Highest Common Factor of 141, 363, 315, 347 using Euclid's algorithm

Created By : Jatin Gogia

Reviewed By : Rajasekhar Valipishetty

Last Updated : Apr 06, 2023


HCF Calculator using the Euclid Division Algorithm helps you to find the Highest common factor (HCF) easily for 141, 363, 315, 347 i.e. 1 the largest integer that leaves a remainder zero for all numbers.

HCF of 141, 363, 315, 347 is 1 the largest number which exactly divides all the numbers i.e. where the remainder is zero. Let us get into the working of this example.

Consider we have numbers 141, 363, 315, 347 and we need to find the HCF of these numbers.
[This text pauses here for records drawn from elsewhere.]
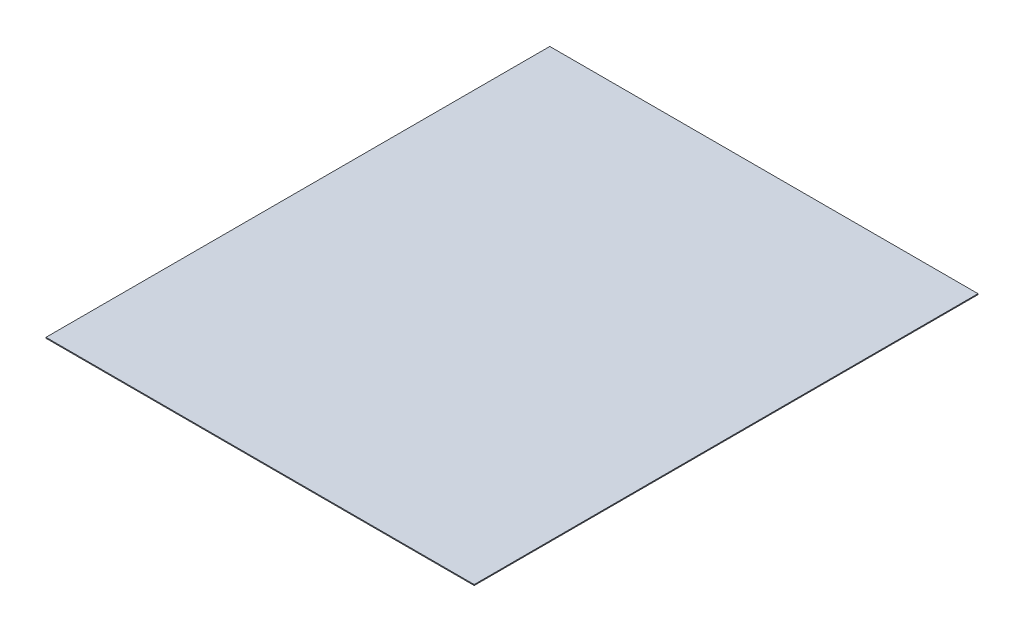
ISO-10303-21;
HEADER;
FILE_DESCRIPTION(('STEP AP214'),'2;1');
FILE_NAME('part.step','',(''),(''),'','','');
FILE_SCHEMA(('AUTOMOTIVE_DESIGN { 1 0 10303 214 1 1 1 1 }'));
ENDSEC;
DATA;
#1=APPLICATION_CONTEXT('core data for automotive mechanical design processes');
#2=APPLICATION_PROTOCOL_DEFINITION('international standard','automotive_design',2000,#1);
#3=PRODUCT_CONTEXT('',#1,'mechanical');
#4=PRODUCT('Part','Part','',(#3));
#5=PRODUCT_RELATED_PRODUCT_CATEGORY('part','',(#4));
#6=PRODUCT_DEFINITION_FORMATION('','',#4);
#7=PRODUCT_DEFINITION_CONTEXT('part definition',#1,'design');
#8=PRODUCT_DEFINITION('design','',#6,#7);
#9=PRODUCT_DEFINITION_SHAPE('','',#8);
#10=(LENGTH_UNIT() NAMED_UNIT(*) SI_UNIT(.MILLI.,.METRE.));
#11=(NAMED_UNIT(*) PLANE_ANGLE_UNIT() SI_UNIT($,.RADIAN.));
#12=(NAMED_UNIT(*) SI_UNIT($,.STERADIAN.) SOLID_ANGLE_UNIT());
#13=UNCERTAINTY_MEASURE_WITH_UNIT(LENGTH_MEASURE(1.E-05),#10,'distance_accuracy_value','');
#14=(GEOMETRIC_REPRESENTATION_CONTEXT(3) GLOBAL_UNCERTAINTY_ASSIGNED_CONTEXT((#13)) GLOBAL_UNIT_ASSIGNED_CONTEXT((#10,
#11,#12)) REPRESENTATION_CONTEXT('',''));
#15=CARTESIAN_POINT('',(0.,0.,0.));
#16=DIRECTION('',(0.,0.,1.));
#17=DIRECTION('',(1.,0.,0.));
#18=AXIS2_PLACEMENT_3D('',#15,#16,#17);
#19=CARTESIAN_POINT('',(1.5,1968.5,-820.));
#20=DIRECTION('',(-1.,0.,0.));
#21=DIRECTION('',(0.,0.,1.));
#22=AXIS2_PLACEMENT_3D('',#19,#20,#21);
#23=PLANE('',#22);
#24=DIRECTION('',(0.,-1.,0.));
#25=VECTOR('',#24,1.);
#26=CARTESIAN_POINT('',(1.5,1968.5,0.));
#27=LINE('',#26,#25);
#28=CARTESIAN_POINT('',(1.5,1970.,0.));
#29=VERTEX_POINT('',#28);
#30=CARTESIAN_POINT('',(1.5,1968.5,0.));
#31=VERTEX_POINT('',#30);
#32=EDGE_CURVE('E103',#29,#31,#27,.T.);
#33=ORIENTED_EDGE('',*,*,#32,.F.);
#34=DIRECTION('',(0.,0.,1.));
#35=VECTOR('',#34,1.);
#36=CARTESIAN_POINT('',(1.5,1970.,-820.));
#37=LINE('',#36,#35);
#38=CARTESIAN_POINT('',(1.5,1970.,-820.));
#39=VERTEX_POINT('',#38);
#40=EDGE_CURVE('E11',#39,#29,#37,.T.);
#41=ORIENTED_EDGE('',*,*,#40,.F.);
#42=DIRECTION('',(0.,-1.,0.));
#43=VECTOR('',#42,1.);
#44=CARTESIAN_POINT('',(1.5,1968.5,-820.));
#45=LINE('',#44,#43);
#46=CARTESIAN_POINT('',(1.5,1968.5,-820.));
#47=VERTEX_POINT('',#46);
#48=EDGE_CURVE('E97',#39,#47,#45,.T.);
#49=ORIENTED_EDGE('',*,*,#48,.T.);
#50=DIRECTION('',(0.,0.,1.));
#51=VECTOR('',#50,1.);
#52=CARTESIAN_POINT('',(1.5,1968.5,-820.));
#53=LINE('',#52,#51);
#54=EDGE_CURVE('E42',#47,#31,#53,.T.);
#55=ORIENTED_EDGE('',*,*,#54,.T.);
#56=EDGE_LOOP('',(#33,#41,#49,#55));
#57=FACE_BOUND('',#56,.T.);
#58=ADVANCED_FACE('F39',(#57),#23,.T.);
#59=CARTESIAN_POINT('',(1.5,1970.,-820.));
#60=DIRECTION('',(0.,1.,0.));
#61=DIRECTION('',(0.,0.,1.));
#62=AXIS2_PLACEMENT_3D('',#59,#60,#61);
#63=PLANE('',#62);
#64=DIRECTION('',(-1.,0.,0.));
#65=VECTOR('',#64,1.);
#66=CARTESIAN_POINT('',(1.5,1970.,0.));
#67=LINE('',#66,#65);
#68=CARTESIAN_POINT('',(698.5,1970.,0.));
#69=VERTEX_POINT('',#68);
#70=EDGE_CURVE('E99',#69,#29,#67,.T.);
#71=ORIENTED_EDGE('',*,*,#70,.F.);
#72=DIRECTION('',(0.,0.,1.));
#73=VECTOR('',#72,1.);
#74=CARTESIAN_POINT('',(698.5,1970.,-820.));
#75=LINE('',#74,#73);
#76=CARTESIAN_POINT('',(698.5,1970.,-820.));
#77=VERTEX_POINT('',#76);
#78=EDGE_CURVE('E48',#77,#69,#75,.T.);
#79=ORIENTED_EDGE('',*,*,#78,.F.);
#80=DIRECTION('',(-1.,0.,0.));
#81=VECTOR('',#80,1.);
#82=CARTESIAN_POINT('',(1.5,1970.,-820.));
#83=LINE('',#82,#81);
#84=EDGE_CURVE('E94',#77,#39,#83,.T.);
#85=ORIENTED_EDGE('',*,*,#84,.T.);
#86=ORIENTED_EDGE('',*,*,#40,.T.);
#87=EDGE_LOOP('',(#71,#79,#85,#86));
#88=FACE_BOUND('',#87,.T.);
#89=ADVANCED_FACE('F113',(#88),#63,.T.);
#90=CARTESIAN_POINT('',(698.5,1968.5,-820.));
#91=DIRECTION('',(1.,0.,0.));
#92=DIRECTION('',(0.,0.,-1.));
#93=AXIS2_PLACEMENT_3D('',#90,#91,#92);
#94=PLANE('',#93);
#95=DIRECTION('',(0.,1.,0.));
#96=VECTOR('',#95,1.);
#97=CARTESIAN_POINT('',(698.5,1968.5,0.));
#98=LINE('',#97,#96);
#99=CARTESIAN_POINT('',(698.5,1968.5,0.));
#100=VERTEX_POINT('',#99);
#101=EDGE_CURVE('E89',#100,#69,#98,.T.);
#102=ORIENTED_EDGE('',*,*,#101,.F.);
#103=DIRECTION('',(0.,0.,1.));
#104=VECTOR('',#103,1.);
#105=CARTESIAN_POINT('',(698.5,1968.5,-820.));
#106=LINE('',#105,#104);
#107=CARTESIAN_POINT('',(698.5,1968.5,-820.));
#108=VERTEX_POINT('',#107);
#109=EDGE_CURVE('E84',#108,#100,#106,.T.);
#110=ORIENTED_EDGE('',*,*,#109,.F.);
#111=DIRECTION('',(0.,1.,0.));
#112=VECTOR('',#111,1.);
#113=CARTESIAN_POINT('',(698.5,1968.5,-820.));
#114=LINE('',#113,#112);
#115=EDGE_CURVE('E87',#108,#77,#114,.T.);
#116=ORIENTED_EDGE('',*,*,#115,.T.);
#117=ORIENTED_EDGE('',*,*,#78,.T.);
#118=EDGE_LOOP('',(#102,#110,#116,#117));
#119=FACE_BOUND('',#118,.T.);
#120=ADVANCED_FACE('F86',(#119),#94,.T.);
#121=CARTESIAN_POINT('',(1.5,1968.5,-820.));
#122=DIRECTION('',(0.,-1.,0.));
#123=DIRECTION('',(0.,0.,-1.));
#124=AXIS2_PLACEMENT_3D('',#121,#122,#123);
#125=PLANE('',#124);
#126=DIRECTION('',(1.,0.,0.));
#127=VECTOR('',#126,1.);
#128=CARTESIAN_POINT('',(1.5,1968.5,0.));
#129=LINE('',#128,#127);
#130=EDGE_CURVE('E106',#31,#100,#129,.T.);
#131=ORIENTED_EDGE('',*,*,#130,.F.);
#132=ORIENTED_EDGE('',*,*,#54,.F.);
#133=DIRECTION('',(1.,0.,0.));
#134=VECTOR('',#133,1.);
#135=CARTESIAN_POINT('',(1.5,1968.5,-820.));
#136=LINE('',#135,#134);
#137=EDGE_CURVE('E93',#47,#108,#136,.T.);
#138=ORIENTED_EDGE('',*,*,#137,.T.);
#139=ORIENTED_EDGE('',*,*,#109,.T.);
#140=EDGE_LOOP('',(#131,#132,#138,#139));
#141=FACE_BOUND('',#140,.T.);
#142=ADVANCED_FACE('F96',(#141),#125,.T.);
#143=CARTESIAN_POINT('',(0.,0.,-820.));
#144=DIRECTION('',(0.,0.,-1.));
#145=DIRECTION('',(-1.,0.,0.));
#146=AXIS2_PLACEMENT_3D('',#143,#144,#145);
#147=PLANE('',#146);
#148=ORIENTED_EDGE('',*,*,#48,.F.);
#149=ORIENTED_EDGE('',*,*,#84,.F.);
#150=ORIENTED_EDGE('',*,*,#115,.F.);
#151=ORIENTED_EDGE('',*,*,#137,.F.);
#152=EDGE_LOOP('',(#148,#149,#150,#151));
#153=FACE_BOUND('',#152,.T.);
#154=ADVANCED_FACE('F92',(#153),#147,.T.);
#155=CARTESIAN_POINT('',(0.,0.,0.));
#156=DIRECTION('',(0.,0.,-1.));
#157=DIRECTION('',(-1.,0.,0.));
#158=AXIS2_PLACEMENT_3D('',#155,#156,#157);
#159=PLANE('',#158);
#160=ORIENTED_EDGE('',*,*,#32,.T.);
#161=ORIENTED_EDGE('',*,*,#130,.T.);
#162=ORIENTED_EDGE('',*,*,#101,.T.);
#163=ORIENTED_EDGE('',*,*,#70,.T.);
#164=EDGE_LOOP('',(#160,#161,#162,#163));
#165=FACE_BOUND('',#164,.T.);
#166=ADVANCED_FACE('F112',(#165),#159,.F.);
#167=CLOSED_SHELL('',(#58,#89,#120,#142,#154,#166));
#168=MANIFOLD_SOLID_BREP('B2',#167);
#169=ADVANCED_BREP_SHAPE_REPRESENTATION('',(#18,#168),#14);
#170=SHAPE_DEFINITION_REPRESENTATION(#9,#169);
ENDSEC;
END-ISO-10303-21;

To do so, we need to choose the largest integer first and then as per Euclid's Division Lemma a = bq + r where 0 ≤ r ≤ b

Highest common factor (HCF) of 141, 363, 315, 347 is 1.

HCF(141, 363, 315, 347) = 1

HCF of 141, 363, 315, 347 using Euclid's algorithm

Highest common factor or Highest common divisor (hcd) can be calculated by Euclid's algotithm.

HCF of:

Highest common factor (HCF) of 141, 363, 315, 347 is 1.

Highest Common Factor of 141,363,315,347 using Euclid's algorithm

Highest Common Factor of 141,363,315,347 is 1

Step 1: Since 363 > 141, we apply the division lemma to 363 and 141, to get

363 = 141 x 2 + 81

Step 2: Since the reminder 141 ≠ 0, we apply division lemma to 81 and 141, to get

141 = 81 x 1 + 60

Step 3: We consider the new divisor 81 and the new remainder 60, and apply the division lemma to get

81 = 60 x 1 + 21

We consider the new divisor 60 and the new remainder 21,and apply the division lemma to get

60 = 21 x 2 + 18

We consider the new divisor 21 and the new remainder 18,and apply the division lemma to get

21 = 18 x 1 + 3

We consider the new divisor 18 and the new remainder 3,and apply the division lemma to get

18 = 3 x 6 + 0

The remainder has now become zero, so our procedure stops. Since the divisor at this stage is 3, the HCF of 141 and 363 is 3

Notice that 3 = HCF(18,3) = HCF(21,18) = HCF(60,21) = HCF(81,60) = HCF(141,81) = HCF(363,141) .


We can take hcf of as 1st numbers and next number as another number to apply in Euclidean lemma

Step 1: Since 315 > 3, we apply the division lemma to 315 and 3, to get

315 = 3 x 105 + 0

The remainder has now become zero, so our procedure stops. Since the divisor at this stage is 3, the HCF of 3 and 315 is 3

Notice that 3 = HCF(315,3) .


We can take hcf of as 1st numbers and next number as another number to apply in Euclidean lemma

Step 1: Since 347 > 3, we apply the division lemma to 347 and 3, to get

347 = 3 x 115 + 2

Step 2: Since the reminder 3 ≠ 0, we apply division lemma to 2 and 3, to get

3 = 2 x 1 + 1

Step 3: We consider the new divisor 2 and the new remainder 1, and apply the division lemma to get

2 = 1 x 2 + 0

The remainder has now become zero, so our procedure stops. Since the divisor at this stage is 1, the HCF of 3 and 347 is 1

Notice that 1 = HCF(2,1) = HCF(3,2) = HCF(347,3) .

HCF using Euclid's Algorithm Calculation Examples

Frequently Asked Questions on HCF of 141, 363, 315, 347 using Euclid's Algorithm

1. What is the Euclid division algorithm?

Answer: Euclid's Division Algorithm is a technique to compute the Highest Common Factor (HCF) of given positive integers.

2. what is the HCF of 141, 363, 315, 347?

Answer: HCF of 141, 363, 315, 347 is 1 the largest number that divides all the numbers leaving a remainder zero.

3. How to find HCF of 141, 363, 315, 347 using Euclid's Algorithm?

Answer: For arbitrary numbers 141, 363, 315, 347 apply Euclid’s Division Lemma in succession until you obtain a remainder zero. HCF is the remainder in the last but one step.